The decision of Dear147 is also illuminating in this respect. In that case, the defendant slashed the victim’s face with a Stanley knife. The victim refused to seek medical treatment and, with the assistance of another man, managed to stem the bleeding. Nevertheless, several days after the attack, the victim was found deceased in his apartment. The immediate cause of death was exsanguination, with the autopsy revealing that a major artery in the victim’s face had been cut. It was accepted that that injury had been inflicted by the defendant. A note was located in the victim’s flat which suggested that he intended suicide. It was, however, not clear whether the victim had intentionally reopened his wounds or if the injury to the artery had inadvertently reopened (for instance, through an accidental bump). The defendant was convicted of the applicant’s murder. Significantly for instant purposes, the Court of Appeal confirmed that even if the victim had reopened his wounds with suicidal intent, ‘the jury were entitled to find that the defendant’s conduct made an operative and significant contribution to the death’.148

Finally, several cases have confirmed that a decision by doctors to withdraw life-sustaining treatment of patients in persistent vegetative states where continued treatment is no longer in their best interests, may be the immediate cause of death but it does not break the chain of causation between the defendant’s acts and the victim’s death. In such cases, the defendant’s unlawful conduct remains a substantial and operating cause at the time of the patient’s death.149 It is only when it can properly be said that the defendant’s conduct is ‘merely the setting in which another cause operates’ that the chain of causation may be said to have been broken (for instance, in the case of grossly negligent medical treatment).150

Based on the preceding, it is apparent that causation in the criminal law context is a fact-based assessment, which can go beyond a ‘but for’ examination of the defendant’s unlawful conduct to consider whether it was an operating and substantial cause of the relevant harm. There is, then, considerable overlap between the approaches to causation taken in coronial and criminal proceedings. The key points to take from the discussion of the principles governing causation in criminal proceedings for the instant inquiry are:

  • • While the starting point is the but for test, the defendant’s conduct need not be the sole cause of the relevant harm;
  • • If the defendant’s conduct was an ‘operating’ and ‘substantial’ cause of the harm, it will satisfy the actus reus element of the offence;
  • • To be a ‘substantial’ cause, the conduct must ‘play more than a minimal part’ in the relevant harm.151 To be an ‘operating’ cause, the chain of causation between the defendant’s conduct and the harm must not have been broken by a novus actus interveniens',
  • • A victim’s decision to bring about their death by suicide may not constitute a novus actus interveniens if the evidence is sufficient to demonstrate that the victim’s suicide was a reasonably foreseeable consequence of the defendant’s conduct.

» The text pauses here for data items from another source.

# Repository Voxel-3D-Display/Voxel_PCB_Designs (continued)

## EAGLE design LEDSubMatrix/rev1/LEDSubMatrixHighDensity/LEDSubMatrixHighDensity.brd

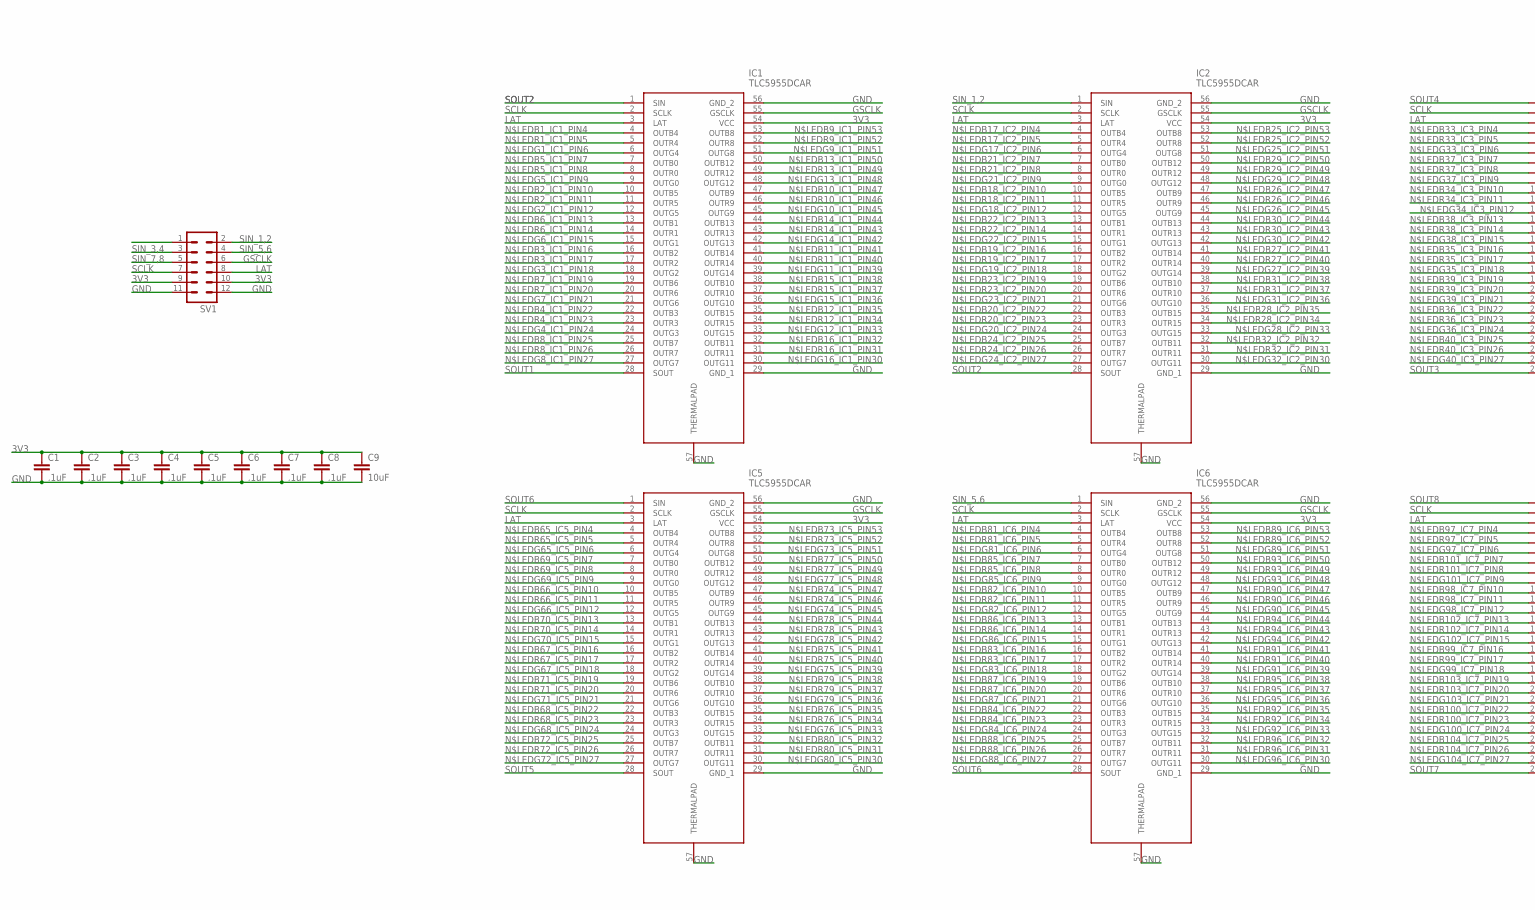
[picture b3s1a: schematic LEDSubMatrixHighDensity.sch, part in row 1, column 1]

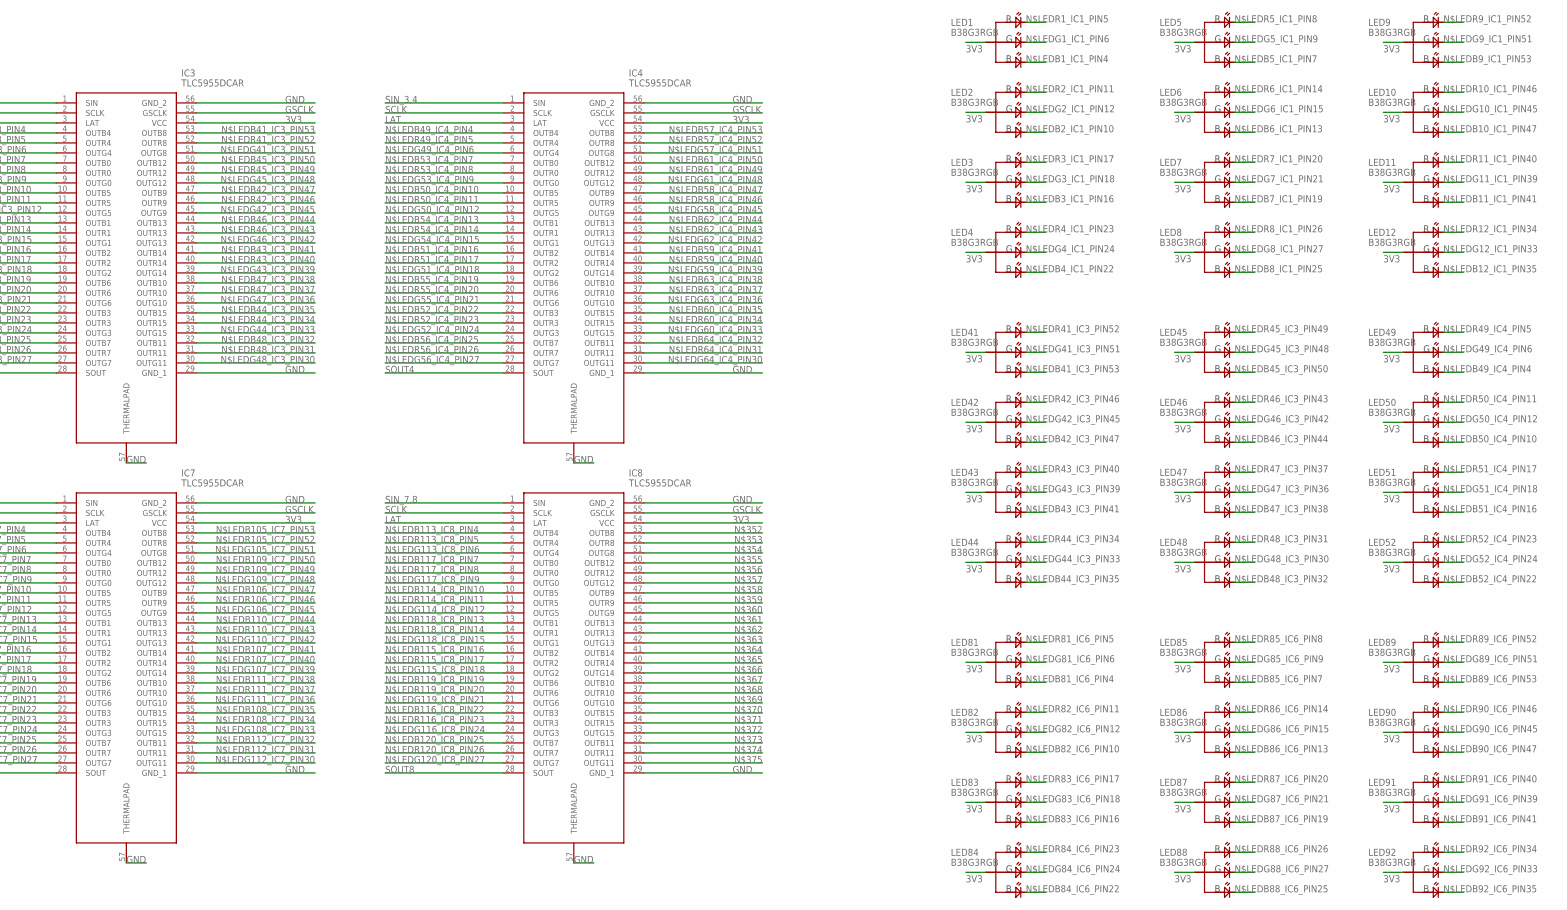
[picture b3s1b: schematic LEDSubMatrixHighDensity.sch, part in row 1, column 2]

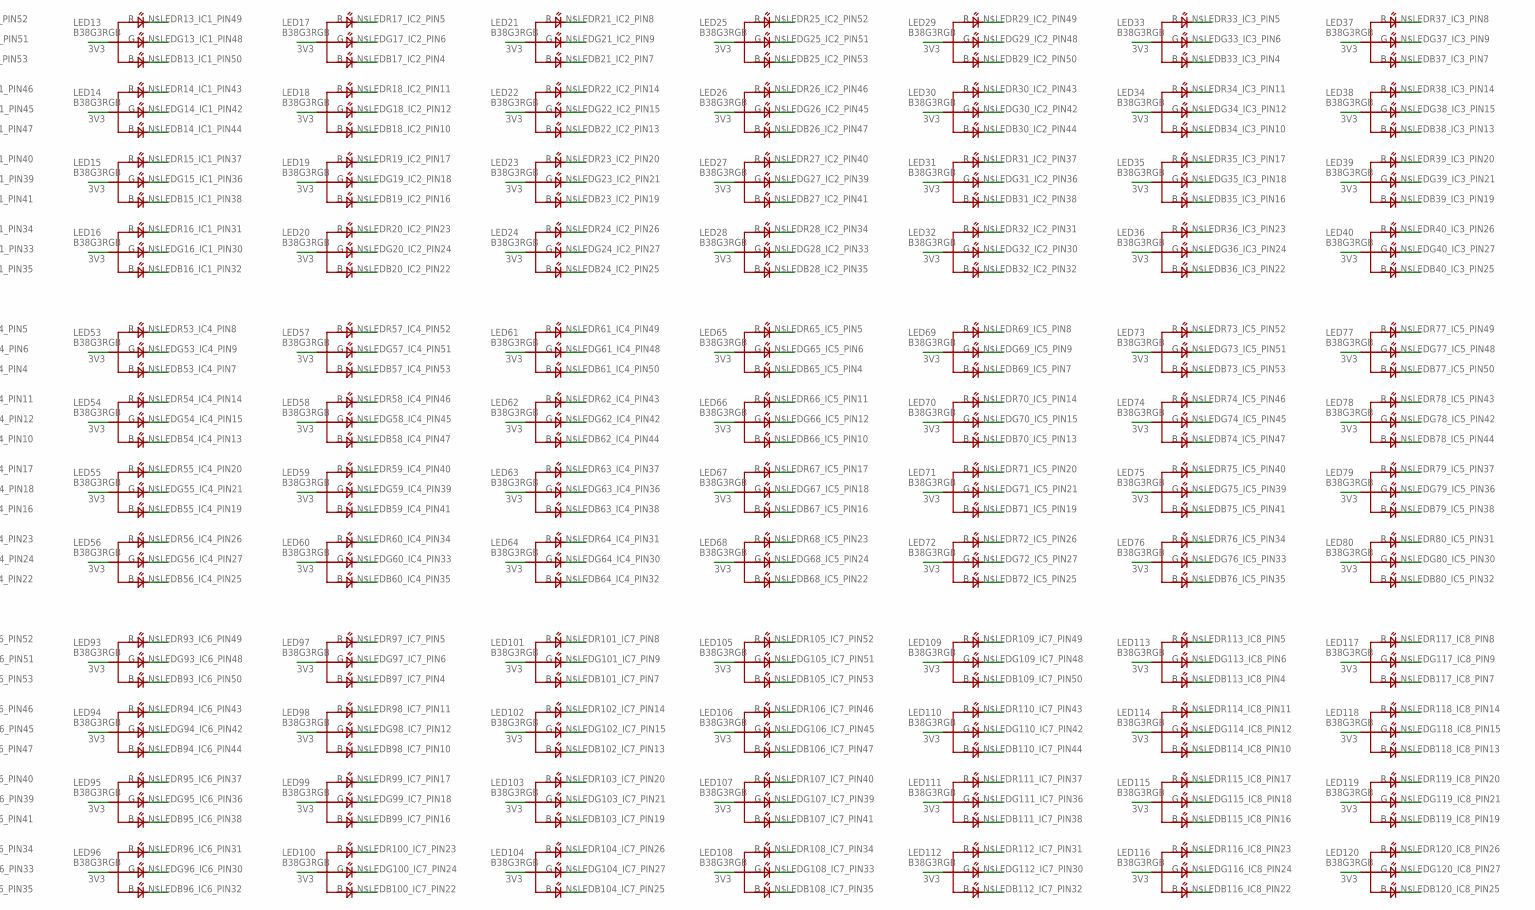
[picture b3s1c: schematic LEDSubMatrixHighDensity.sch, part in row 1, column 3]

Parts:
C1, C2, C3, C4, C5, C6, C7, C8: .1uF; C0603
C9: 10uF; C0805
IC1, IC2, IC3, IC4, IC5, IC6, IC7, IC8: TLC5955DCAR; SOP50P810X120-57N
LED1, LED2, LED3, LED4, LED5, LED6, LED7, LED8, LED9, LED10, LED11, LED12, LED13, LED14, LED15, LED16, LED17, LED18, LED19, LED20, LED21, LED22, LED23, LED24, LED25, LED26, LED27, LED28, LED29, LED30, LED31, LED32, LED33, LED34, LED35, LED36, LED37, LED38, LED39, LED40, LED41, LED42, LED43, LED44, LED45, LED46, LED47, LED48, LED49, LED50, LED51, LED52, LED53, LED54, LED55, LED56, LED57, LED58, LED59, LED60, LED61, LED62, LED63, LED64, LED65, LED66, LED67, LED68, LED69, LED70, LED71, LED72, LED73, LED74, LED75, LED76, LED77, LED78, LED79, LED80, LED81, LED82, LED83, LED84, LED85, LED86, LED87, LED88, LED89, LED90, LED91, LED92, LED93, LED94, LED95, LED96, LED97, LED98, LED99, LED100, LED101, LED102, LED103, LED104, LED105, LED106, LED107, LED108, LED109, LED110, LED111, LED112, LED113, LED114, LED115, LED116, LED117, LED118, LED119, LED120: B38G3RGB
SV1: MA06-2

The preceding sections have traced the origins and development of the common law definition of suicide for the purposes of ascertaining the meaning of the term as it is used in the Suicide Act 1961. That examination has revealed that ‘suicide’ has a common law meaning which comprises two central elements: (1) the doing of an act; (2) for the purposes (and with the intention) of bringing about one’s death. Given the longstanding interrelationship between the coro-nial and criminal jurisdictions, jurisprudence from each has been examined in order to distil the nature and scope of those two elements. That examination has resulted in the crystallisation of two principles central to the content and scope of the definition of suicide for the purposes of the Suicide Act 1961. Those principles can be summarised as follows:

  • 1 Intention: only direct intention will satisfy the mens rea of suicide. Where the patient acts for the purpose of bringing about their death, that will be evidence of intention.
  • 2 Causation: the patient’s act need not be the sole cause of their death. Provided it is an ‘operating’ and ‘substantial’ cause, that will satisfy the causation requirement.